The helpdesk of Synology only answers with the "standard" solutions (reset config, re-install) wich don't solve the problem.
I managed to retrieve the logfile from the disk (see attached file) and as far as I can see there is now a mismatch between the startup scripts and the installed libraries...
And thanks to Synology there is no way back to the old firmware..
Normally there are ways to bypass this restriction, but they need the WebManager to run.

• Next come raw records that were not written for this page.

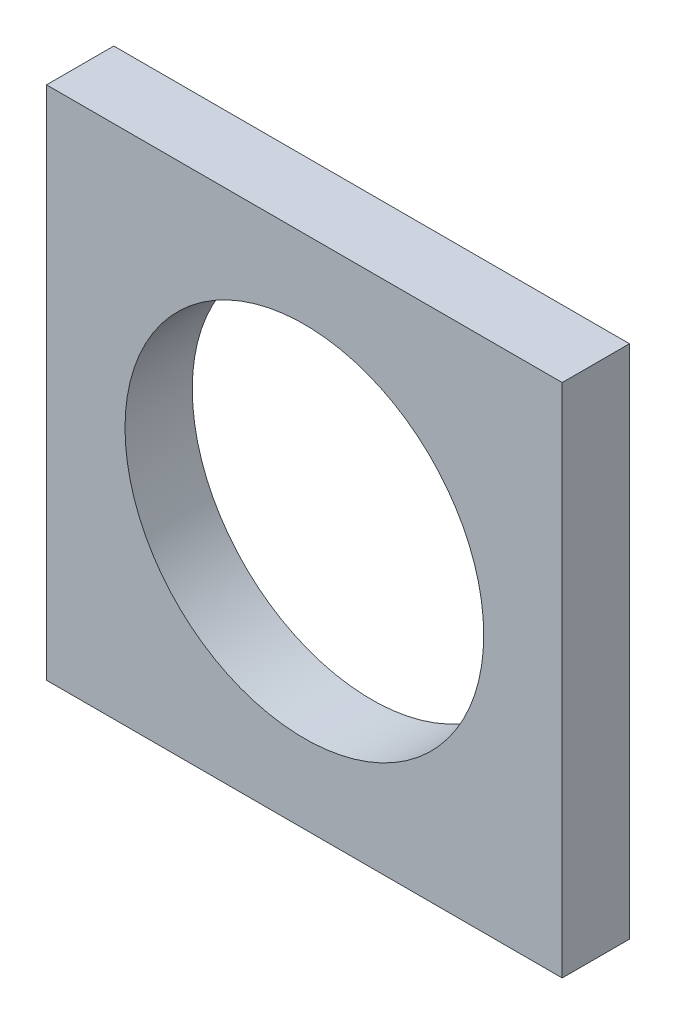
ISO-10303-21;
HEADER;
FILE_DESCRIPTION(('STEP AP214'),'2;1');
FILE_NAME('part.step','',(''),(''),'','','');
FILE_SCHEMA(('AUTOMOTIVE_DESIGN { 1 0 10303 214 1 1 1 1 }'));
ENDSEC;
DATA;
#1=APPLICATION_CONTEXT('core data for automotive mechanical design processes');
#2=APPLICATION_PROTOCOL_DEFINITION('international standard','automotive_design',2000,#1);
#3=PRODUCT_CONTEXT('',#1,'mechanical');
#4=PRODUCT('Part','Part','',(#3));
#5=PRODUCT_RELATED_PRODUCT_CATEGORY('part','',(#4));
#6=PRODUCT_DEFINITION_FORMATION('','',#4);
#7=PRODUCT_DEFINITION_CONTEXT('part definition',#1,'design');
#8=PRODUCT_DEFINITION('design','',#6,#7);
#9=PRODUCT_DEFINITION_SHAPE('','',#8);
#10=(LENGTH_UNIT() NAMED_UNIT(*) SI_UNIT(.MILLI.,.METRE.));
#11=(NAMED_UNIT(*) PLANE_ANGLE_UNIT() SI_UNIT($,.RADIAN.));
#12=(NAMED_UNIT(*) SI_UNIT($,.STERADIAN.) SOLID_ANGLE_UNIT());
#13=UNCERTAINTY_MEASURE_WITH_UNIT(LENGTH_MEASURE(1.E-05),#10,'distance_accuracy_value','');
#14=(GEOMETRIC_REPRESENTATION_CONTEXT(3) GLOBAL_UNCERTAINTY_ASSIGNED_CONTEXT((#13)) GLOBAL_UNIT_ASSIGNED_CONTEXT((#10,
#11,#12)) REPRESENTATION_CONTEXT('',''));
#15=CARTESIAN_POINT('',(0.,0.,0.));
#16=DIRECTION('',(0.,0.,1.));
#17=DIRECTION('',(1.,0.,0.));
#18=AXIS2_PLACEMENT_3D('',#15,#16,#17);
#19=CARTESIAN_POINT('',(0.,0.,3.));
#20=DIRECTION('',(0.,0.,1.));
#21=DIRECTION('',(1.,0.,0.));
#22=AXIS2_PLACEMENT_3D('',#19,#20,#21);
#23=PLANE('',#22);
#24=DIRECTION('',(0.,-1.,0.));
#25=VECTOR('',#24,1.);
#26=CARTESIAN_POINT('',(-11.5,-11.5,3.));
#27=LINE('',#26,#25);
#28=CARTESIAN_POINT('',(-11.5,11.5,3.));
#29=VERTEX_POINT('',#28);
#30=CARTESIAN_POINT('',(-11.5,-11.5,3.));
#31=VERTEX_POINT('',#30);
#32=EDGE_CURVE('E92',#29,#31,#27,.T.);
#33=ORIENTED_EDGE('',*,*,#32,.T.);
#34=DIRECTION('',(1.,0.,0.));
#35=VECTOR('',#34,1.);
#36=CARTESIAN_POINT('',(11.5,-11.5,3.));
#37=LINE('',#36,#35);
#38=CARTESIAN_POINT('',(11.5,-11.5,3.));
#39=VERTEX_POINT('',#38);
#40=EDGE_CURVE('E87',#31,#39,#37,.T.);
#41=ORIENTED_EDGE('',*,*,#40,.T.);
#42=DIRECTION('',(0.,1.,0.));
#43=VECTOR('',#42,1.);
#44=CARTESIAN_POINT('',(11.5,-11.5,3.));
#45=LINE('',#44,#43);
#46=CARTESIAN_POINT('',(11.5,11.5,3.));
#47=VERTEX_POINT('',#46);
#48=EDGE_CURVE('E90',#39,#47,#45,.T.);
#49=ORIENTED_EDGE('',*,*,#48,.T.);
#50=DIRECTION('',(-1.,0.,0.));
#51=VECTOR('',#50,1.);
#52=CARTESIAN_POINT('',(11.5,11.5,3.));
#53=LINE('',#52,#51);
#54=EDGE_CURVE('E57',#47,#29,#53,.T.);
#55=ORIENTED_EDGE('',*,*,#54,.T.);
#56=EDGE_LOOP('',(#33,#41,#49,#55));
#57=FACE_BOUND('',#56,.T.);
#58=CARTESIAN_POINT('',(0.,0.,3.));
#59=DIRECTION('',(0.,0.,1.));
#60=DIRECTION('',(1.,0.,0.));
#61=AXIS2_PLACEMENT_3D('',#58,#59,#60);
#62=CIRCLE('',#61,8.);
#63=CARTESIAN_POINT('',(8.00000000000001,0.,3.));
#64=VERTEX_POINT('',#63);
#65=EDGE_CURVE('E112',#64,#64,#62,.T.);
#66=ORIENTED_EDGE('',*,*,#65,.F.);
#67=EDGE_LOOP('',(#66));
#68=FACE_BOUND('',#67,.T.);
#69=ADVANCED_FACE('F39',(#57,#68),#23,.T.);
#70=CARTESIAN_POINT('',(0.,0.,0.));
#71=DIRECTION('',(0.,0.,1.));
#72=DIRECTION('',(1.,0.,0.));
#73=AXIS2_PLACEMENT_3D('',#70,#71,#72);
#74=PLANE('',#73);
#75=DIRECTION('',(0.,-1.,0.));
#76=VECTOR('',#75,1.);
#77=CARTESIAN_POINT('',(-11.5,-11.5,0.));
#78=LINE('',#77,#76);
#79=CARTESIAN_POINT('',(-11.5,11.5,0.));
#80=VERTEX_POINT('',#79);
#81=CARTESIAN_POINT('',(-11.5,-11.5,0.));
#82=VERTEX_POINT('',#81);
#83=EDGE_CURVE('E108',#80,#82,#78,.T.);
#84=ORIENTED_EDGE('',*,*,#83,.F.);
#85=DIRECTION('',(-1.,0.,0.));
#86=VECTOR('',#85,1.);
#87=CARTESIAN_POINT('',(11.5,11.5,0.));
#88=LINE('',#87,#86);
#89=CARTESIAN_POINT('',(11.5,11.5,0.));
#90=VERTEX_POINT('',#89);
#91=EDGE_CURVE('E80',#90,#80,#88,.T.);
#92=ORIENTED_EDGE('',*,*,#91,.F.);
#93=DIRECTION('',(0.,1.,0.));
#94=VECTOR('',#93,1.);
#95=CARTESIAN_POINT('',(11.5,-11.5,0.));
#96=LINE('',#95,#94);
#97=CARTESIAN_POINT('',(11.5,-11.5,0.));
#98=VERTEX_POINT('',#97);
#99=EDGE_CURVE('E74',#98,#90,#96,.T.);
#100=ORIENTED_EDGE('',*,*,#99,.F.);
#101=DIRECTION('',(1.,0.,0.));
#102=VECTOR('',#101,1.);
#103=CARTESIAN_POINT('',(11.5,-11.5,0.));
#104=LINE('',#103,#102);
#105=EDGE_CURVE('E97',#82,#98,#104,.T.);
#106=ORIENTED_EDGE('',*,*,#105,.F.);
#107=EDGE_LOOP('',(#84,#92,#100,#106));
#108=FACE_BOUND('',#107,.T.);
#109=CARTESIAN_POINT('',(0.,0.,0.));
#110=DIRECTION('',(0.,0.,1.));
#111=DIRECTION('',(1.,0.,0.));
#112=AXIS2_PLACEMENT_3D('',#109,#110,#111);
#113=CIRCLE('',#112,8.);
#114=CARTESIAN_POINT('',(8.00000000000001,0.,0.));
#115=VERTEX_POINT('',#114);
#116=EDGE_CURVE('E130',#115,#115,#113,.T.);
#117=ORIENTED_EDGE('',*,*,#116,.T.);
#118=EDGE_LOOP('',(#117));
#119=FACE_BOUND('',#118,.T.);
#120=ADVANCED_FACE('F125',(#108,#119),#74,.F.);
#121=CARTESIAN_POINT('',(-11.5,-11.5,3.));
#122=DIRECTION('',(1.,0.,0.));
#123=DIRECTION('',(0.,0.,-1.));
#124=AXIS2_PLACEMENT_3D('',#121,#122,#123);
#125=PLANE('',#124);
#126=ORIENTED_EDGE('',*,*,#83,.T.);
#127=DIRECTION('',(0.,0.,-1.));
#128=VECTOR('',#127,1.);
#129=CARTESIAN_POINT('',(-11.5,-11.5,3.));
#130=LINE('',#129,#128);
#131=EDGE_CURVE('E11',#31,#82,#130,.T.);
#132=ORIENTED_EDGE('',*,*,#131,.F.);
#133=ORIENTED_EDGE('',*,*,#32,.F.);
#134=DIRECTION('',(0.,0.,-1.));
#135=VECTOR('',#134,1.);
#136=CARTESIAN_POINT('',(-11.5,11.5,3.));
#137=LINE('',#136,#135);
#138=EDGE_CURVE('E104',#29,#80,#137,.T.);
#139=ORIENTED_EDGE('',*,*,#138,.T.);
#140=EDGE_LOOP('',(#126,#132,#133,#139));
#141=FACE_BOUND('',#140,.T.);
#142=ADVANCED_FACE('F41',(#141),#125,.F.);
#143=CARTESIAN_POINT('',(11.5,-11.5,3.));
#144=DIRECTION('',(0.,1.,0.));
#145=DIRECTION('',(-1.,0.,0.));
#146=AXIS2_PLACEMENT_3D('',#143,#144,#145);
#147=PLANE('',#146);
#148=ORIENTED_EDGE('',*,*,#105,.T.);
#149=DIRECTION('',(0.,0.,-1.));
#150=VECTOR('',#149,1.);
#151=CARTESIAN_POINT('',(11.5,-11.5,3.));
#152=LINE('',#151,#150);
#153=EDGE_CURVE('E49',#39,#98,#152,.T.);
#154=ORIENTED_EDGE('',*,*,#153,.F.);
#155=ORIENTED_EDGE('',*,*,#40,.F.);
#156=ORIENTED_EDGE('',*,*,#131,.T.);
#157=EDGE_LOOP('',(#148,#154,#155,#156));
#158=FACE_BOUND('',#157,.T.);
#159=ADVANCED_FACE('F96',(#158),#147,.F.);
#160=CARTESIAN_POINT('',(11.5,-11.5,3.));
#161=DIRECTION('',(-1.,0.,0.));
#162=DIRECTION('',(0.,0.,1.));
#163=AXIS2_PLACEMENT_3D('',#160,#161,#162);
#164=PLANE('',#163);
#165=ORIENTED_EDGE('',*,*,#99,.T.);
#166=DIRECTION('',(0.,0.,-1.));
#167=VECTOR('',#166,1.);
#168=CARTESIAN_POINT('',(11.5,11.5,3.));
#169=LINE('',#168,#167);
#170=EDGE_CURVE('E99',#47,#90,#169,.T.);
#171=ORIENTED_EDGE('',*,*,#170,.F.);
#172=ORIENTED_EDGE('',*,*,#48,.F.);
#173=ORIENTED_EDGE('',*,*,#153,.T.);
#174=EDGE_LOOP('',(#165,#171,#172,#173));
#175=FACE_BOUND('',#174,.T.);
#176=ADVANCED_FACE('F100',(#175),#164,.F.);
#177=CARTESIAN_POINT('',(11.5,11.5,3.));
#178=DIRECTION('',(0.,-1.,0.));
#179=DIRECTION('',(1.,0.,0.));
#180=AXIS2_PLACEMENT_3D('',#177,#178,#179);
#181=PLANE('',#180);
#182=ORIENTED_EDGE('',*,*,#91,.T.);
#183=ORIENTED_EDGE('',*,*,#138,.F.);
#184=ORIENTED_EDGE('',*,*,#54,.F.);
#185=ORIENTED_EDGE('',*,*,#170,.T.);
#186=EDGE_LOOP('',(#182,#183,#184,#185));
#187=FACE_BOUND('',#186,.T.);
#188=ADVANCED_FACE('F122',(#187),#181,.F.);
#189=CARTESIAN_POINT('',(0.,0.,3.));
#190=DIRECTION('',(0.,0.,-1.));
#191=DIRECTION('',(-1.,0.,0.));
#192=AXIS2_PLACEMENT_3D('',#189,#190,#191);
#193=CYLINDRICAL_SURFACE('',#192,8.);
#194=ORIENTED_EDGE('',*,*,#65,.T.);
#195=EDGE_LOOP('',(#194));
#196=FACE_BOUND('',#195,.T.);
#197=ORIENTED_EDGE('',*,*,#116,.F.);
#198=EDGE_LOOP('',(#197));
#199=FACE_BOUND('',#198,.T.);
#200=ADVANCED_FACE('F138',(#196,#199),#193,.F.);
#201=CLOSED_SHELL('',(#69,#120,#142,#159,#176,#188,#200));
#202=MANIFOLD_SOLID_BREP('B2',#201);
#203=ADVANCED_BREP_SHAPE_REPRESENTATION('',(#18,#202),#14);
#204=SHAPE_DEFINITION_REPRESENTATION(#9,#203);
ENDSEC;
END-ISO-10303-21;

Does anyone know a way to re-install an old firmware with Synology assistant without loosing the data on the disk ???

 

[Kris404]

Yes, I also received this e-mail....



And I upgraded my DS108j from DSM 4.0 2228 to the advised version 2262

and now the DS108j won't boot OK (flashing orange light).

Synology assistant says:"Configuration Lost". And no acces to the NAS anymore, no Webman, No SSH, No diskstation, only the homepage of the webserver shows up (but no other pages...).

The helpdesk of Synology only answers with the "standard" solutions (reset config, re-install) wich don't solve the problem.

I managed to retrieve the logfile from the disk (see attached file) and as far as I can see there is now a mismatch between the startup scripts and the installed libraries...

And thanks to Synology there is no way back to the old firmware..

Normally there are ways to bypass this restriction, but they need the WebManager to run.



Does anyone know a way to re-install an old firmware with Synology assistant without loosing the data on the disk ???

There is a way to downgrade, but it is not advisible. I did it one time and almost lost all of my data (luckily, Synology support fixed it logging in remotely)

Try reinstalling with the latest Synology assistant from their website.

 

[stevech]

I'd worry that an old DSM 4.0 NAS should have gone from that to 4.1 then 4.3.
The 108 is nearing end of life support, being what, 6 years old?